[Saved entries]
========================================

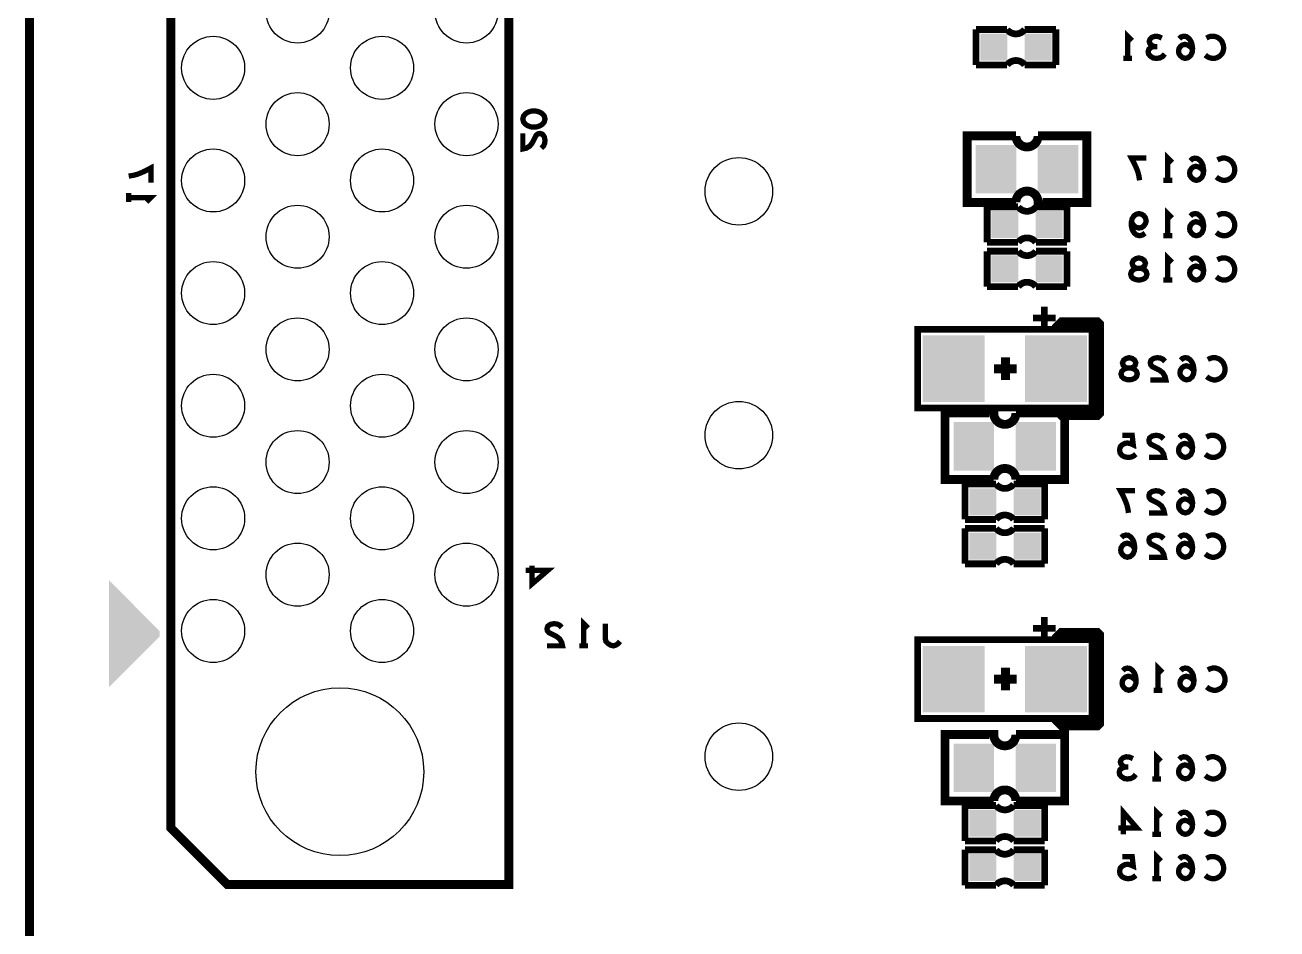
# Model space of a CAD drawing. Extents: x 0 to 200, y -10 to 130.
# Drawn here: x -0.1 to 28.14, y 34.87 to 55.25 of the extents above; entities that cross this region are included whole.
import ezdxf

# ---------------------------------------------------------------- set-up
doc = ezdxf.new("R2010")
doc.units = 0
doc.layers.get('0').update_dxf_attribs({"linetype": 'CONTINUOUS'})
doc.layers.add('MASK_BOTTOM_ART', color=6, linetype='CONTINUOUS')
doc.layers.add('SILK_BOTTOM_ART', color=5, linetype='CONTINUOUS')

# ---------------------------------------------------------------- blocks, each defined once
blk = doc.blocks.new('SQUARE_586')
blk.add_solid([(0.3048, 0.3048), (0.3048, -0.3048), (-0.3048, 0.3048), (-0.3048, -0.3048)])
blk = doc.blocks.new('ROUND_572')
blk.add_circle((0, 0), 0.762)
blk = doc.blocks.new('RECTANGLE_563')
blk.add_solid([(0.4572, 0.5461), (0.4572, -0.5461), (-0.4572, 0.5461), (-0.4572, -0.5461)])
blk = doc.blocks.new('RECTANGLE_589')
blk.add_solid([(0.6985, 0.7493), (0.6985, -0.7493), (-0.6985, 0.7493), (-0.6985, -0.7493)])
blk = doc.blocks.new('ROUND_582')
blk.add_circle((0, 0), 1.892)
blk = doc.blocks.new('ROUND_198')
blk.add_circle((0, 0), 0.711)

msp = doc.modelspace()

# ---------------------------------------------------------------- linework, layer by layer
at = {"layer": 'MASK_BOTTOM_ART', "const_width": 0.2}
msp.add_lwpolyline([(1, 0), (199, 0), (200, 1), (200, 119), (199, 120), (1, 120), (0, 119), (0, 1), (1, 0)], dxfattribs=at)
at = {"layer": 'SILK_BOTTOM_ART'}
for points, const_width in [([(1, 0), (199, 0), (200, 1), (200, 119), (199, 120), (1, 120), (0, 119), (0, 1), (1, 0)], 0.2), ([(10.81, 35.87), (4.46, 35.87), (3.19, 37.14), (3.19, 84.13), (10.81, 84.13), (10.81, 35.87)], 0.2032), ([(21.35, 55.15), (21.35, 54.35)], 0.1524), ([(22.05, 55.15), (21.35, 55.15)], 0.1524), ([(23.15, 55.15), (22.45, 55.15)], 0.1524), ([(23.15, 54.35), (23.15, 55.15)], 0.1524), ([(24.7714, 54.4983), (24.7714, 54.9983), (24.8714, 54.8983)], 0.12), ([(25.6071, 54.5983), (25.5571, 54.54), (25.4905, 54.5066), (25.4155, 54.4983), (25.3488, 54.5066), (25.2821, 54.5483), (25.2405, 54.5983), (25.2321, 54.6483), (25.2488, 54.7066), (25.3071, 54.7483), (25.3655, 54.765), (25.4405, 54.765)], 0.12), ([(25.3655, 54.765), (25.3155, 54.79), (25.2738, 54.8316), (25.2571, 54.8816), (25.2738, 54.9316), (25.3155, 54.9733), (25.3905, 54.9983), (25.4655, 54.99), (25.5405, 54.9566)], 0.12), ([(26.2345, 54.7066), (26.1762, 54.765), (26.1262, 54.7983), (26.0595, 54.815), (26.0012, 54.7983), (25.9595, 54.765), (25.9262, 54.715), (25.9179, 54.6566), (25.9262, 54.6066), (25.9595, 54.5566), (26.0095, 54.515), (26.0679, 54.4983), (26.1345, 54.515), (26.1929, 54.565), (26.2262, 54.64), (26.2345, 54.7233), (26.2179, 54.8316), (26.1929, 54.89), (26.1512, 54.9483), (26.0929, 54.99), (26.0345, 54.9983), (25.9762, 54.9816), (25.9345, 54.94)], 0.12), ([(26.5453, 54.9566), (26.5953, 54.9816), (26.6536, 54.9983), (26.7203, 54.9983), (26.7953, 54.9733), (26.8536, 54.9316), (26.8953, 54.8816), (26.9286, 54.7983), (26.9369, 54.7233), (26.9203, 54.6483), (26.8953, 54.5983), (26.8453, 54.5483), (26.7869, 54.515), (26.7286, 54.4983), (26.6703, 54.4983), (26.6119, 54.515), (26.5619, 54.54), (26.5203, 54.5733)], 0.12), ([(24.8714, 54.4983), (24.6714, 54.4983)], 0.12), ([(21.35, 54.35), (22.05, 54.35)], 0.1524), ([(22.45, 54.35), (23.15, 54.35)], 0.1524), ([(11.6279, 53.1306), (11.6112, 53.0639), (11.5695, 53.0138), (11.5195, 52.9805), (11.4528, 52.9555), (11.3777, 52.9471), (11.3026, 52.9555), (11.2359, 52.9805), (11.1859, 53.0138), (11.1442, 53.0639), (11.1275, 53.1306), (11.1442, 53.1973), (11.1859, 53.2474), (11.2359, 53.2807), (11.3026, 53.3057), (11.3777, 53.3141), (11.4528, 53.3057), (11.5195, 53.2807), (11.5695, 53.2474), (11.6112, 53.1973), (11.6279, 53.1306)], 0.1194), ([(11.5445, 52.4717), (11.5945, 52.5218), (11.6196, 52.5802), (11.6279, 52.6469), (11.6112, 52.7303), (11.5695, 52.7887), (11.5195, 52.8053), (11.4694, 52.797), (11.4277, 52.7636), (11.3443, 52.5968), (11.286, 52.5218), (11.2025, 52.4717), (11.1275, 52.4551), (11.1275, 52.8053)], 0.1194), ([(22.25, 51.25), (21.15, 51.25), (21.15, 52.75), (22.25, 52.75)], 0.2), ([(22.75, 52.75), (23.85, 52.75), (23.85, 51.25), (22.75, 51.25), (22.75, 51.3)], 0.2), ([(25.0381, 51.7483), (25.0214, 51.8566), (24.9964, 51.9483), (24.9631, 52.0316), (24.9214, 52.1233), (24.8547, 52.2483), (25.1881, 52.2483)], 0.12), ([(25.6738, 51.7483), (25.6738, 52.2483), (25.7738, 52.1483)], 0.12), ([(26.4845, 51.9566), (26.4262, 52.015), (26.3762, 52.0483), (26.3095, 52.065), (26.2512, 52.0483), (26.2095, 52.015), (26.1762, 51.965), (26.1679, 51.9066), (26.1762, 51.8566), (26.2095, 51.8066), (26.2595, 51.765), (26.3179, 51.7483), (26.3845, 51.765), (26.4429, 51.815), (26.4762, 51.89), (26.4845, 51.9733), (26.4679, 52.0816), (26.4429, 52.14), (26.4012, 52.1983), (26.3429, 52.24), (26.2845, 52.2483), (26.2262, 52.2316), (26.1845, 52.19)], 0.12), ([(26.7953, 52.2066), (26.8453, 52.2316), (26.9036, 52.2483), (26.9703, 52.2483), (27.0453, 52.2233), (27.1036, 52.1816), (27.1453, 52.1316), (27.1786, 52.0483), (27.1869, 51.9733), (27.1703, 51.8983), (27.1453, 51.8483), (27.0953, 51.7983), (27.0369, 51.765), (26.9786, 51.7483), (26.9203, 51.7483), (26.8619, 51.765), (26.8119, 51.79), (26.7703, 51.8233)], 0.12), ([(2.2375, 51.8439), (2.3459, 51.8606), (2.4376, 51.8856), (2.5211, 51.919), (2.6128, 51.9607), (2.7379, 52.0274), (2.7379, 51.6938)], 0.1194), ([(25.7738, 51.7483), (25.5738, 51.7483)], 0.12), ([(2.2375, 51.2601), (2.2375, 51.4603)], 0.1194), ([(2.2375, 51.3602), (2.7379, 51.3602), (2.6378, 51.2601)], 0.1194), ([(21.6, 51.15), (21.6, 50.35)], 0.1524), ([(22.3, 51.15), (21.6, 51.15)], 0.1524), ([(23.4, 51.15), (22.7, 51.15)], 0.1524), ([(23.4, 50.35), (23.4, 51.15)], 0.1524), ([(25.6738, 50.4983), (25.6738, 50.9983), (25.7738, 50.8983)], 0.12), ([(25.1631, 50.5566), (25.1047, 50.515), (25.0381, 50.4983), (24.9714, 50.515), (24.9131, 50.565), (24.8714, 50.64), (24.8547, 50.715), (24.8547, 50.8066), (24.8714, 50.8816), (24.9131, 50.9483), (24.9631, 50.9816), (25.0214, 50.9983), (25.0881, 50.9816), (25.1381, 50.9483), (25.1714, 50.8983), (25.1881, 50.8316), (25.1714, 50.7733), (25.1297, 50.715), (25.0797, 50.6816), (25.0214, 50.6733), (24.9547, 50.69), (24.9047, 50.7316), (24.8547, 50.8066)], 0.12), ([(26.4845, 50.7066), (26.4262, 50.765), (26.3762, 50.7983), (26.3095, 50.815), (26.2512, 50.7983), (26.2095, 50.765), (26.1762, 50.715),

========================================

YOUR ASSIGNMENT =
Give back, exactly as written, the stretch from the line with "doc.units = 0" through the line with "msp = doc.modelspace()", and no other lines from the records above.

SOLUTION =
doc.units = 0
doc.layers.get('0').update_dxf_attribs({"linetype": 'CONTINUOUS'})
doc.layers.add('MASK_BOTTOM_ART', color=6, linetype='CONTINUOUS')
doc.layers.add('SILK_BOTTOM_ART', color=5, linetype='CONTINUOUS')

# ---------------------------------------------------------------- blocks, each defined once
blk = doc.blocks.new('SQUARE_586')
blk.add_solid([(0.3048, 0.3048), (0.3048, -0.3048), (-0.3048, 0.3048), (-0.3048, -0.3048)])
blk = doc.blocks.new('ROUND_572')
blk.add_circle((0, 0), 0.762)
blk = doc.blocks.new('RECTANGLE_563')
blk.add_solid([(0.4572, 0.5461), (0.4572, -0.5461), (-0.4572, 0.5461), (-0.4572, -0.5461)])
blk = doc.blocks.new('RECTANGLE_589')
blk.add_solid([(0.6985, 0.7493), (0.6985, -0.7493), (-0.6985, 0.7493), (-0.6985, -0.7493)])
blk = doc.blocks.new('ROUND_582')
blk.add_circle((0, 0), 1.892)
blk = doc.blocks.new('ROUND_198')
blk.add_circle((0, 0), 0.711)

msp = doc.modelspace()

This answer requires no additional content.